- Exercise brief -
First find the line with "line L10 (-1.85, -0.5142) -> (-1.85, 0.942)" in the entries below, then set down exactly every line through the line with "line L17 (12.612, 2.745)", that line included.

- Data in this exercise -
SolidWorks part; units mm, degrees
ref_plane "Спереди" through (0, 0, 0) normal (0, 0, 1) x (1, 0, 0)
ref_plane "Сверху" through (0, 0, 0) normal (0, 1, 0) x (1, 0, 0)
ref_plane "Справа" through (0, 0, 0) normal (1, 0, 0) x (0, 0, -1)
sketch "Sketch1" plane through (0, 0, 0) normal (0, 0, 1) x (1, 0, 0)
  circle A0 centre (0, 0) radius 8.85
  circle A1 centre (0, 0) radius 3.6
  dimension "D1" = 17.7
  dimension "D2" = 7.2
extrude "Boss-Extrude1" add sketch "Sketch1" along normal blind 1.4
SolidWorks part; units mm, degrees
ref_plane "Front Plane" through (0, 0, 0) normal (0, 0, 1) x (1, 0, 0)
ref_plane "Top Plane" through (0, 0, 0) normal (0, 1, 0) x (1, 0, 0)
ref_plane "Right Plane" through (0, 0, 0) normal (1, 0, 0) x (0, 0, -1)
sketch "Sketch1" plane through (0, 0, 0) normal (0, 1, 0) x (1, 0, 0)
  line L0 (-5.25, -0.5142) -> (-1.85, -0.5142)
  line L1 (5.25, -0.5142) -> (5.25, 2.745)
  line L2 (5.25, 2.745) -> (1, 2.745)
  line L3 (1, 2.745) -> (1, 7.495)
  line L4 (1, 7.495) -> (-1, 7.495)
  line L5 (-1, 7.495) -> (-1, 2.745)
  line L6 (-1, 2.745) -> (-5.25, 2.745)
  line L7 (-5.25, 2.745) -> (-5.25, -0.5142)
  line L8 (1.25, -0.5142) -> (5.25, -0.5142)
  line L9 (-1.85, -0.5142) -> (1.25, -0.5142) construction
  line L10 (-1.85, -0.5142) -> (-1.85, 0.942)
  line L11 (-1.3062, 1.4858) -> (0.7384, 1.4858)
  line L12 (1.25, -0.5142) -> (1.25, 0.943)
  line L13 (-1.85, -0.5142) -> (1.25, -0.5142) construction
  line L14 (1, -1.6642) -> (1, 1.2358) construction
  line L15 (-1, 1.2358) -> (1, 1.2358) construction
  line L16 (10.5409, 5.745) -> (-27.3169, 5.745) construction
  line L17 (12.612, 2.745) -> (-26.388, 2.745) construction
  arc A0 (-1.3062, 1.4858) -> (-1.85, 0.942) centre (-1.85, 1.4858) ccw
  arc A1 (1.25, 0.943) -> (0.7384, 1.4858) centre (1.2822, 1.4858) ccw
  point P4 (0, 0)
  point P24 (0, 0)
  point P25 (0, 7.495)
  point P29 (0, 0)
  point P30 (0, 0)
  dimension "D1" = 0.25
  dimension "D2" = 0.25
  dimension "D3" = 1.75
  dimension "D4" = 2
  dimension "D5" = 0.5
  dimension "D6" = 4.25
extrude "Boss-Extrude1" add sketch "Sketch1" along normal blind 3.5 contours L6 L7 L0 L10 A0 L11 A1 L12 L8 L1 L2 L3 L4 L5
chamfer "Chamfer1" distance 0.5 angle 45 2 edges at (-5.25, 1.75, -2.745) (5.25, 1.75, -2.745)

- Exercise response -
  line L10 (-1.85, -0.5142) -> (-1.85, 0.942)
  line L11 (-1.3062, 1.4858) -> (0.7384, 1.4858)
  line L12 (1.25, -0.5142) -> (1.25, 0.943)
  line L13 (-1.85, -0.5142) -> (1.25, -0.5142) construction
  line L14 (1, -1.6642) -> (1, 1.2358) construction
  line L15 (-1, 1.2358) -> (1, 1.2358) construction
  line L16 (10.5409, 5.745) -> (-27.3169, 5.745) construction
  line L17 (12.612, 2.745) -> (-26.388, 2.745) construction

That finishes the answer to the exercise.